### WHAT YOU WILL DO
If a line of the data below holds the string "schematic", copy it.

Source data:

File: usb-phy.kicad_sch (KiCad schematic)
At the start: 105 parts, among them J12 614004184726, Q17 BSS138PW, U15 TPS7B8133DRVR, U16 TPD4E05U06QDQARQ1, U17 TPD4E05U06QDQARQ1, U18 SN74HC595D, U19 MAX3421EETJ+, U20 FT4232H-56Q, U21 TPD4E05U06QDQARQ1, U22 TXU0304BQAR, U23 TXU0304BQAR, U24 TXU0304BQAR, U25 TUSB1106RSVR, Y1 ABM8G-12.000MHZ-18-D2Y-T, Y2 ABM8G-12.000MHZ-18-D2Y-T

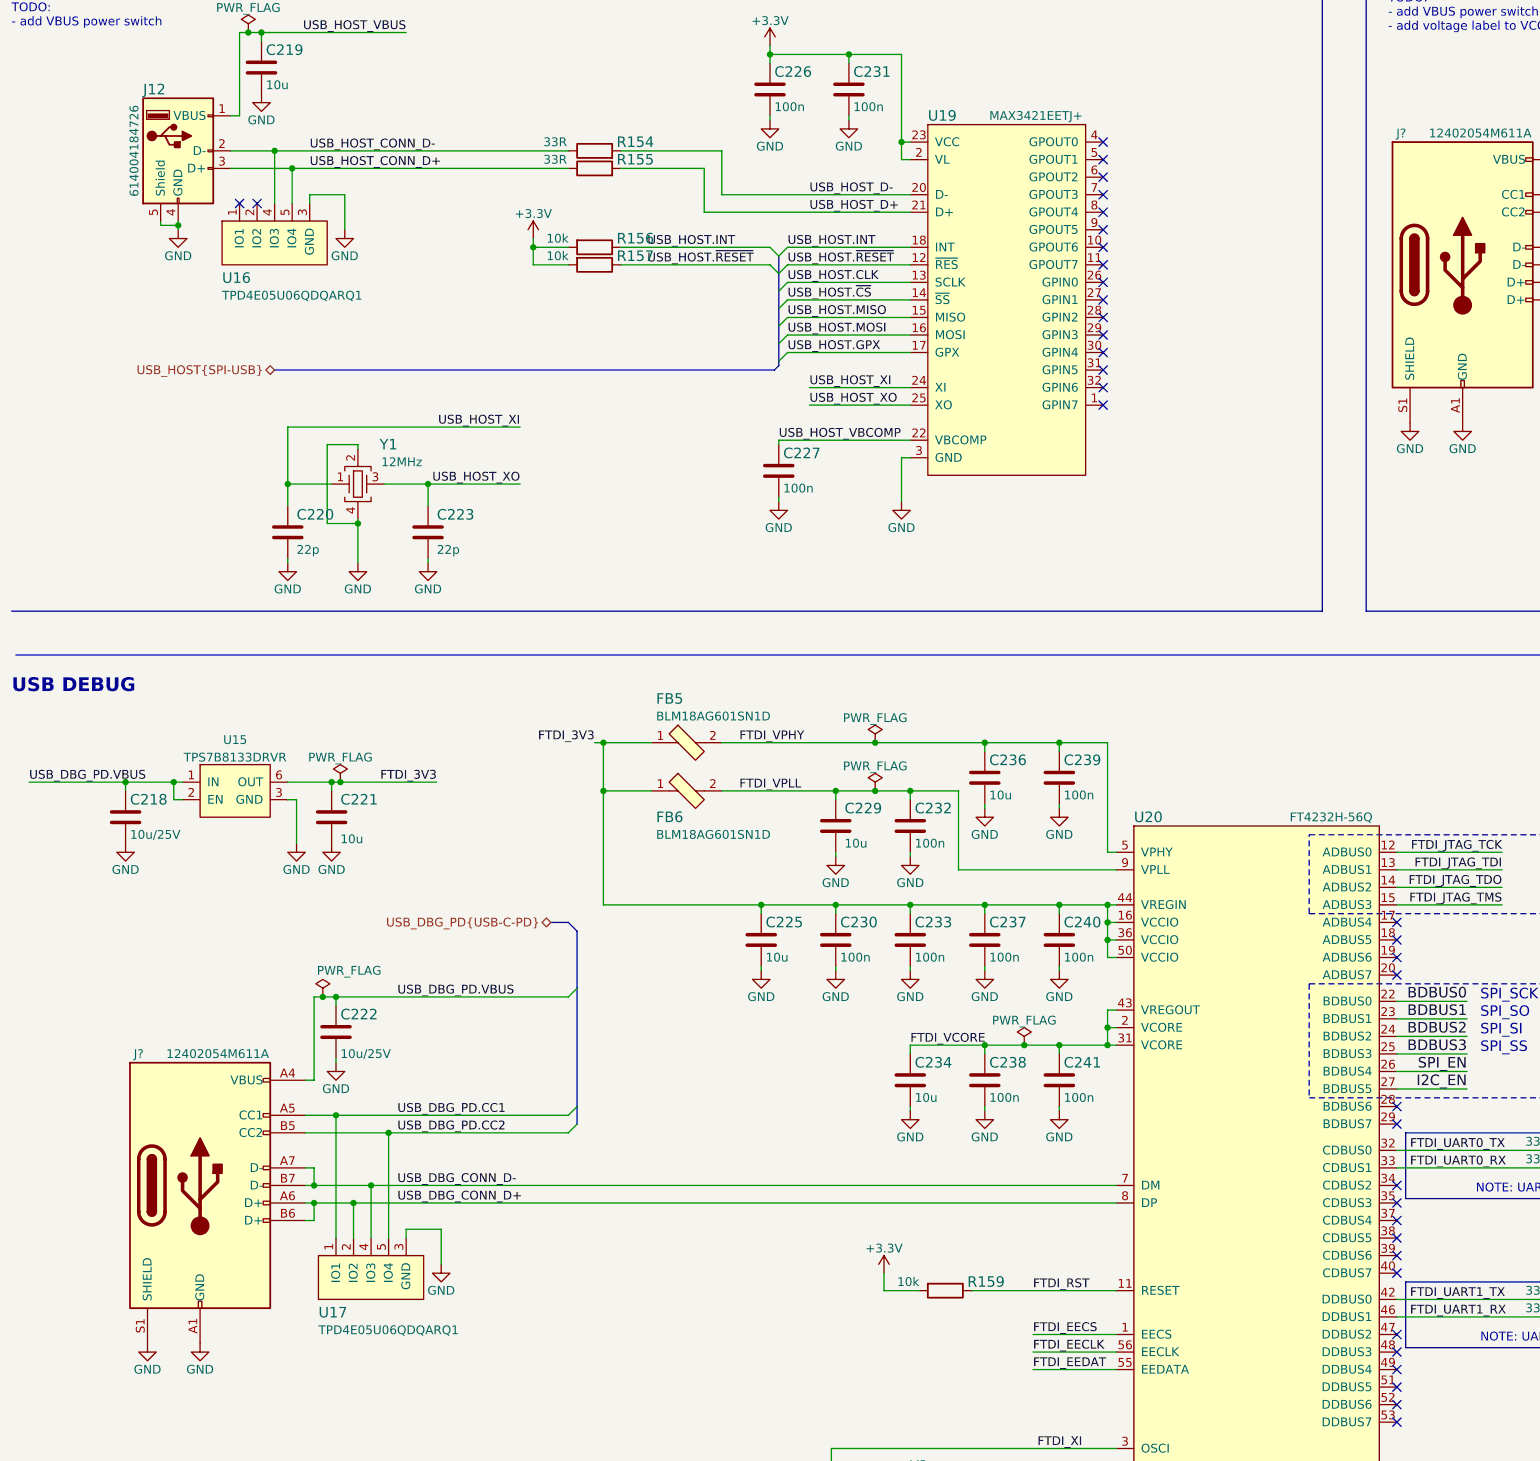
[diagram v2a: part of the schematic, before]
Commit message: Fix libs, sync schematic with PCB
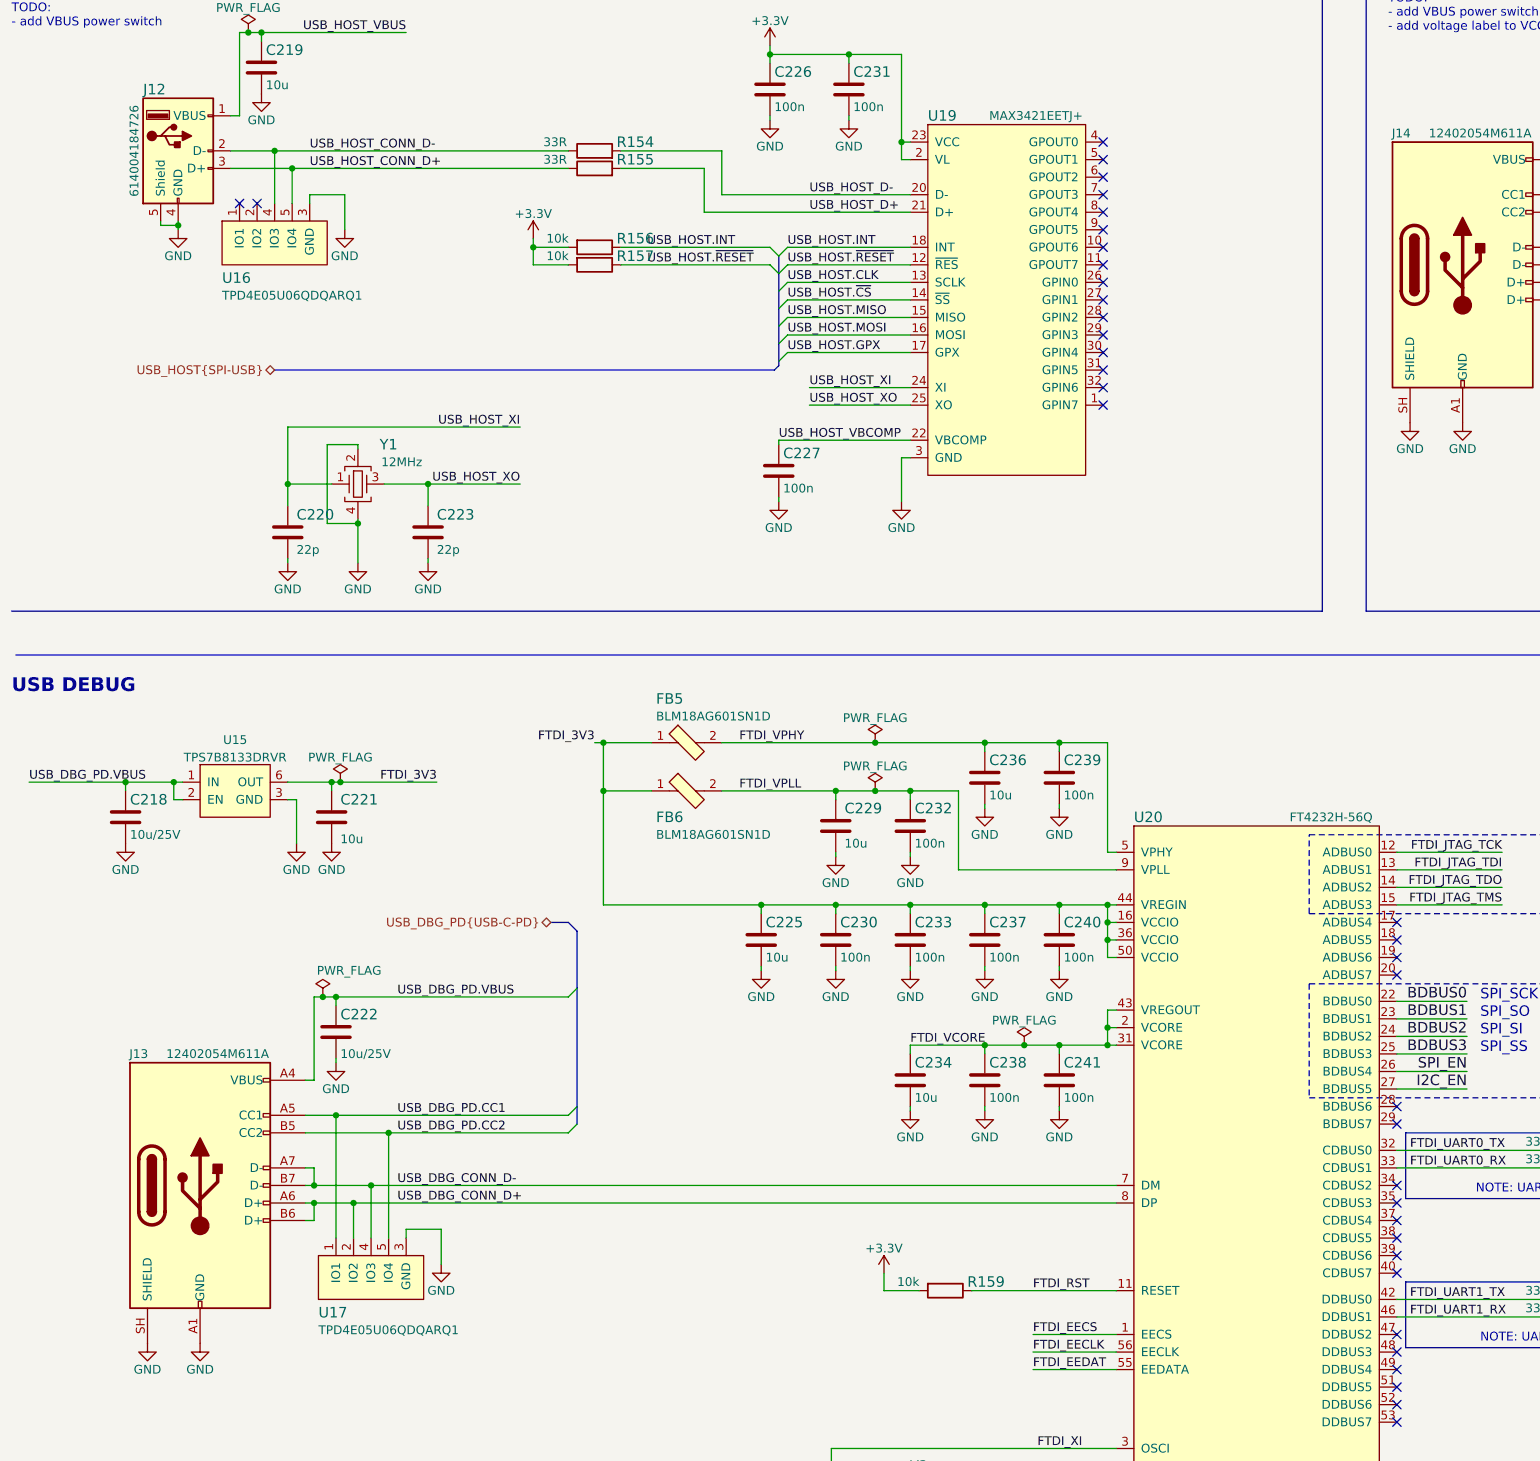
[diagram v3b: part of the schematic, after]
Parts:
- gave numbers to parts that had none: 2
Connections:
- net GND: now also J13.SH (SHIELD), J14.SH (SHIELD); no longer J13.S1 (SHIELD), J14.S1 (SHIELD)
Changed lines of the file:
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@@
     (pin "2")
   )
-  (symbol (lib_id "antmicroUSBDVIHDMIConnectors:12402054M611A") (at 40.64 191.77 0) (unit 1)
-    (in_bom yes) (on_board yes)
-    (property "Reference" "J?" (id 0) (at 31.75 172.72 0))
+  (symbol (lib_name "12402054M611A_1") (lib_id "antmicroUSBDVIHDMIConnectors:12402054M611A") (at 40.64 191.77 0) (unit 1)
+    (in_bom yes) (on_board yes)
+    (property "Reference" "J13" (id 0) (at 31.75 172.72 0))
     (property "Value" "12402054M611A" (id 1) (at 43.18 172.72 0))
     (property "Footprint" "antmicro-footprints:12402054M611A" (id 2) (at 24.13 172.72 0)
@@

### SOLUTION BELOW
File: usb-phy.kicad_sch (KiCad schematic)
[diagram v2a: part of the schematic, before]
Commit message: Fix libs, sync schematic with PCB
[diagram v3b: part of the schematic, after]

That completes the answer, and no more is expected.